It is illegal to traffic wild elephants into captivity, but where money is to be made that doesn’t stop people trying. Thailand has a new national DNA database of all captive elephants. It has shown its worth this week by proving two young elephants in a Thai tourist camp often frequented by UK tourists in southern Thailand are not in fact the offspring of captive elephant parents as claimed.
This significant finding proves that the DNA registration system is working and could be the first of many incidents of this nature now that Thailand has bowed down to pressure from NGO Elephant Family and other partners and put this protection system in place.
“With the new DNA registration system properly in place, we can finally start to close these loopholes and crack down on smugglers who are taking elephants from the wild, ” says Ruth Powys, CEO at Elephant Family.
Last October, Thailand introduced a new law for all elephant owners to adopt a DNA Registration System. The system will help better track captive elephants and prevent elephants being smuggled from the wild and disguised as captive elephants, fuelled by the lucrative tourist industry.
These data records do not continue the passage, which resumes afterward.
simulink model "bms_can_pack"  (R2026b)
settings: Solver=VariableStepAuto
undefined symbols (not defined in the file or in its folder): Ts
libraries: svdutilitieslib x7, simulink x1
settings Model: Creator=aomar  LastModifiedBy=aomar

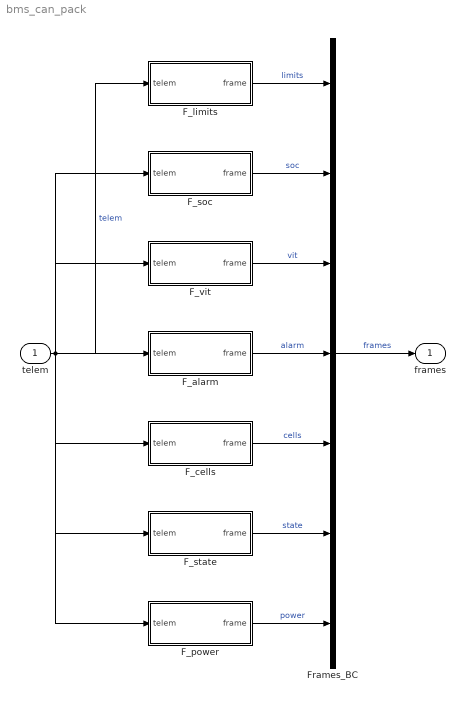
== system bms_can_pack ==
  telem : Inport  OutDataTypeStr=Bus: Bus_BMS_Telemetry  SampleTime=Ts.hk
  F_alarm : Subsystem
  F_cells : Subsystem
  F_limits : Subsystem
  F_power : Subsystem
  F_soc : Subsystem
  F_state : Subsystem
  F_vit : Subsystem
  Frames_BC : BusCreator  Inputs=7  OutDataTypeStr=Bus: Bus_Can1_Bms  NonVirtualBus=on
      settings: InheritFromInputs=off
  frames : Outport  OutDataTypeStr=Bus: Bus_Can1_Bms
  wires:
  telem/1 -> F_limits/1(telem), F_power/1(telem), F_soc/1(telem), F_state/1(telem), F_vit/1(telem), F_cells/1(telem), F_alarm/1(telem)  "telem"
  F_limits/1(frame) -> Frames_BC/1  "limits"
  F_soc/1(frame) -> Frames_BC/2  "soc"
  F_vit/1(frame) -> Frames_BC/3  "vit"
  F_alarm/1(frame) -> Frames_BC/4  "alarm"
  F_cells/1(frame) -> Frames_BC/5  "cells"
  F_state/1(frame) -> Frames_BC/6  "state"
  F_power/1(frame) -> Frames_BC/7  "power"
  Frames_BC/1 -> frames/1  "frames"

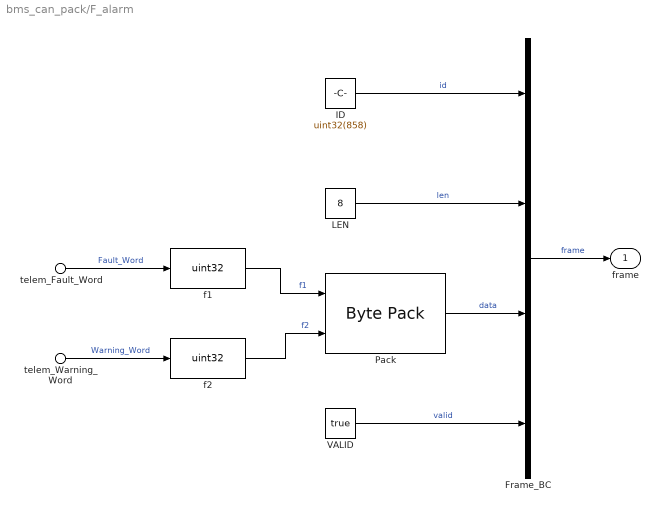
== system bms_can_pack/F_alarm ==
  telem_Fault_Word : Inport  PortName=telem  Element=Fault_Word
  telem_Warning_Word : Inport  PortName=telem  Element=Warning_Word
  Frame_BC : BusCreator  Inputs=4  OutDataTypeStr=Bus: Bus_CanFrame8  NonVirtualBus=on
      settings: InheritFromInputs=off
  ID : Constant  Value=uint32(858)  OutDataTypeStr=uint32  SampleTime=Ts.hk
  LEN : Constant  Value=8  OutDataTypeStr=uint8  SampleTime=Ts.hk
  Pack : svdutilitieslib/Byte Pack  maskPackedDataType=uint8  datatypes={'uint32','uint32'}  byteAlign=1  blockPlatform=arduinoert
      settings: LibrarySourceBlock=mcblib/Signal Management/Byte Pack
  VALID : Constant  Value=true  OutDataTypeStr=boolean  SampleTime=Ts.hk
  f1 : DataTypeConversion  OutDataTypeStr=uint32  RndMeth=Nearest
  f2 : DataTypeConversion  OutDataTypeStr=uint32  RndMeth=Nearest
  frame : Outport  OutDataTypeStr=Bus: Bus_CanFrame8
  wires:
  telem_Fault_Word/1 -> f1/1  "Fault_Word"
  telem_Warning_Word/1 -> f2/1  "Warning_Word"
  f1/1 -> Pack/1  "f1"
  f2/1 -> Pack/2  "f2"
  ID/1 -> Frame_BC/1  "id"
  LEN/1 -> Frame_BC/2  "len"
  VALID/1 -> Frame_BC/4  "valid"
  Pack/1 -> Frame_BC/3  "data"
  Frame_BC/1 -> frame/1  "frame"

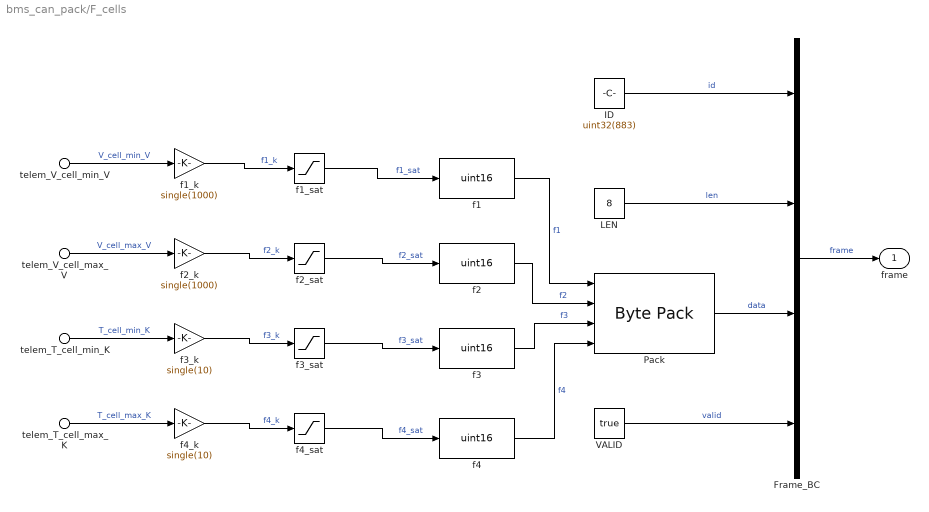
== system bms_can_pack/F_cells ==
  telem_V_cell_min_V : Inport  PortName=telem  Element=V_cell_min_V
  telem_V_cell_max_V : Inport  PortName=telem  Element=V_cell_max_V
  telem_T_cell_min_K : Inport  PortName=telem  Element=T_cell_min_K
  telem_T_cell_max_K : Inport  PortName=telem  Element=T_cell_max_K
  Frame_BC : BusCreator  Inputs=4  OutDataTypeStr=Bus: Bus_CanFrame8  NonVirtualBus=on
      settings: InheritFromInputs=off
  ID : Constant  Value=uint32(883)  OutDataTypeStr=uint32  SampleTime=Ts.hk
  LEN : Constant  Value=8  OutDataTypeStr=uint8  SampleTime=Ts.hk
  Pack : svdutilitieslib/Byte Pack  maskPackedDataType=uint8  datatypes={'uint16','uint16','uint16','uint16'}  byteAlign=1  blockPlatform=arduinoert
      settings: LibrarySourceBlock=mcblib/Signal Management/Byte Pack
  VALID : Constant  Value=true  OutDataTypeStr=boolean  SampleTime=Ts.hk
  f{1..4} (4 alike) : DataTypeConversion  OutDataTypeStr=uint16  RndMeth=Nearest
  f1_k : Gain  Gain=single(1000)
  f1_sat : Saturate  UpperLimit=single(intmax('uint16'))  LowerLimit=single(intmin('uint16'))
  f2_k : Gain  Gain=single(1000)
  f2_sat : Saturate  UpperLimit=single(intmax('uint16'))  LowerLimit=single(intmin('uint16'))
  f3_k : Gain  Gain=single(10)
  f3_sat : Saturate  UpperLimit=single(intmax('uint16'))  LowerLimit=single(intmin('uint16'))
  f4_k : Gain  Gain=single(10)
  f4_sat : Saturate  UpperLimit=single(intmax('uint16'))  LowerLimit=single(intmin('uint16'))
  frame : Outport  OutDataTypeStr=Bus: Bus_CanFrame8
  wires:
  telem_V_cell_min_V/1 -> f1_k/1  "V_cell_min_V"
  telem_V_cell_max_V/1 -> f2_k/1  "V_cell_max_V"
  telem_T_cell_min_K/1 -> f3_k/1  "T_cell_min_K"
  telem_T_cell_max_K/1 -> f4_k/1  "T_cell_max_K"
  f1_k/1 -> f1_sat/1  "f1_k"
  f2_k/1 -> f2_sat/1  "f2_k"
  f3_k/1 -> f3_sat/1  "f3_k"
  f4_k/1 -> f4_sat/1  "f4_k"
  f1_sat/1 -> f1/1  "f1_sat"
  f2_sat/1 -> f2/1  "f2_sat"
  f3_sat/1 -> f3/1  "f3_sat"
  f4_sat/1 -> f4/1  "f4_sat"
  f1/1 -> Pack/1  "f1"
  f2/1 -> Pack/2  "f2"
  f3/1 -> Pack/3  "f3"
  f4/1 -> Pack/4  "f4"
  ID/1 -> Frame_BC/1  "id"
  LEN/1 -> Frame_BC/2  "len"
  VALID/1 -> Frame_BC/4  "valid"
  Pack/1 -> Frame_BC/3  "data"
  Frame_BC/1 -> frame/1  "frame"

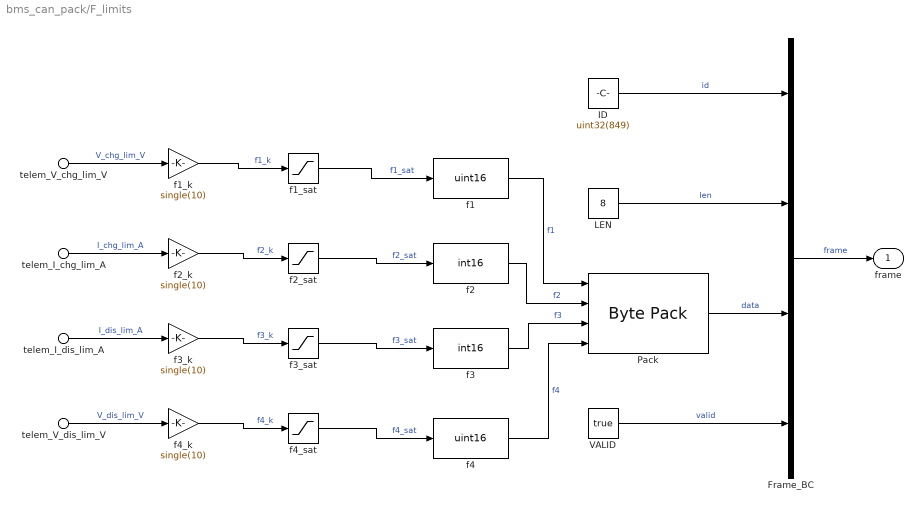
== system bms_can_pack/F_limits ==
  telem_V_chg_lim_V : Inport  PortName=telem  Element=V_chg_lim_V
  telem_I_chg_lim_A : Inport  PortName=telem  Element=I_chg_lim_A
  telem_I_dis_lim_A : Inport  PortName=telem  Element=I_dis_lim_A
  telem_V_dis_lim_V : Inport  PortName=telem  Element=V_dis_lim_V
  Frame_BC : BusCreator  Inputs=4  OutDataTypeStr=Bus: Bus_CanFrame8  NonVirtualBus=on
      settings: InheritFromInputs=off
  ID : Constant  Value=uint32(849)  OutDataTypeStr=uint32  SampleTime=Ts.hk
  LEN : Constant  Value=8  OutDataTypeStr=uint8  SampleTime=Ts.hk
  Pack : svdutilitieslib/Byte Pack  maskPackedDataType=uint8  datatypes={'uint16','int16','int16','uint16'}  byteAlign=1  blockPlatform=arduinoert
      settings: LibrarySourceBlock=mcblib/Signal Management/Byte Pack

To date over 3,440 captive elephants - almost 99% of the animals’ total documented population in Thailand – have already been registered for DNA checks to help verify their identity and origins, with the remainder of captive elephants to be completed by the end of this month.
With less than 50,000 Asian elephants left in the wild today, this crucial milestone will help protect both captive and wild elephants and ensure that the wild population doesn’t continue to be further fragmented.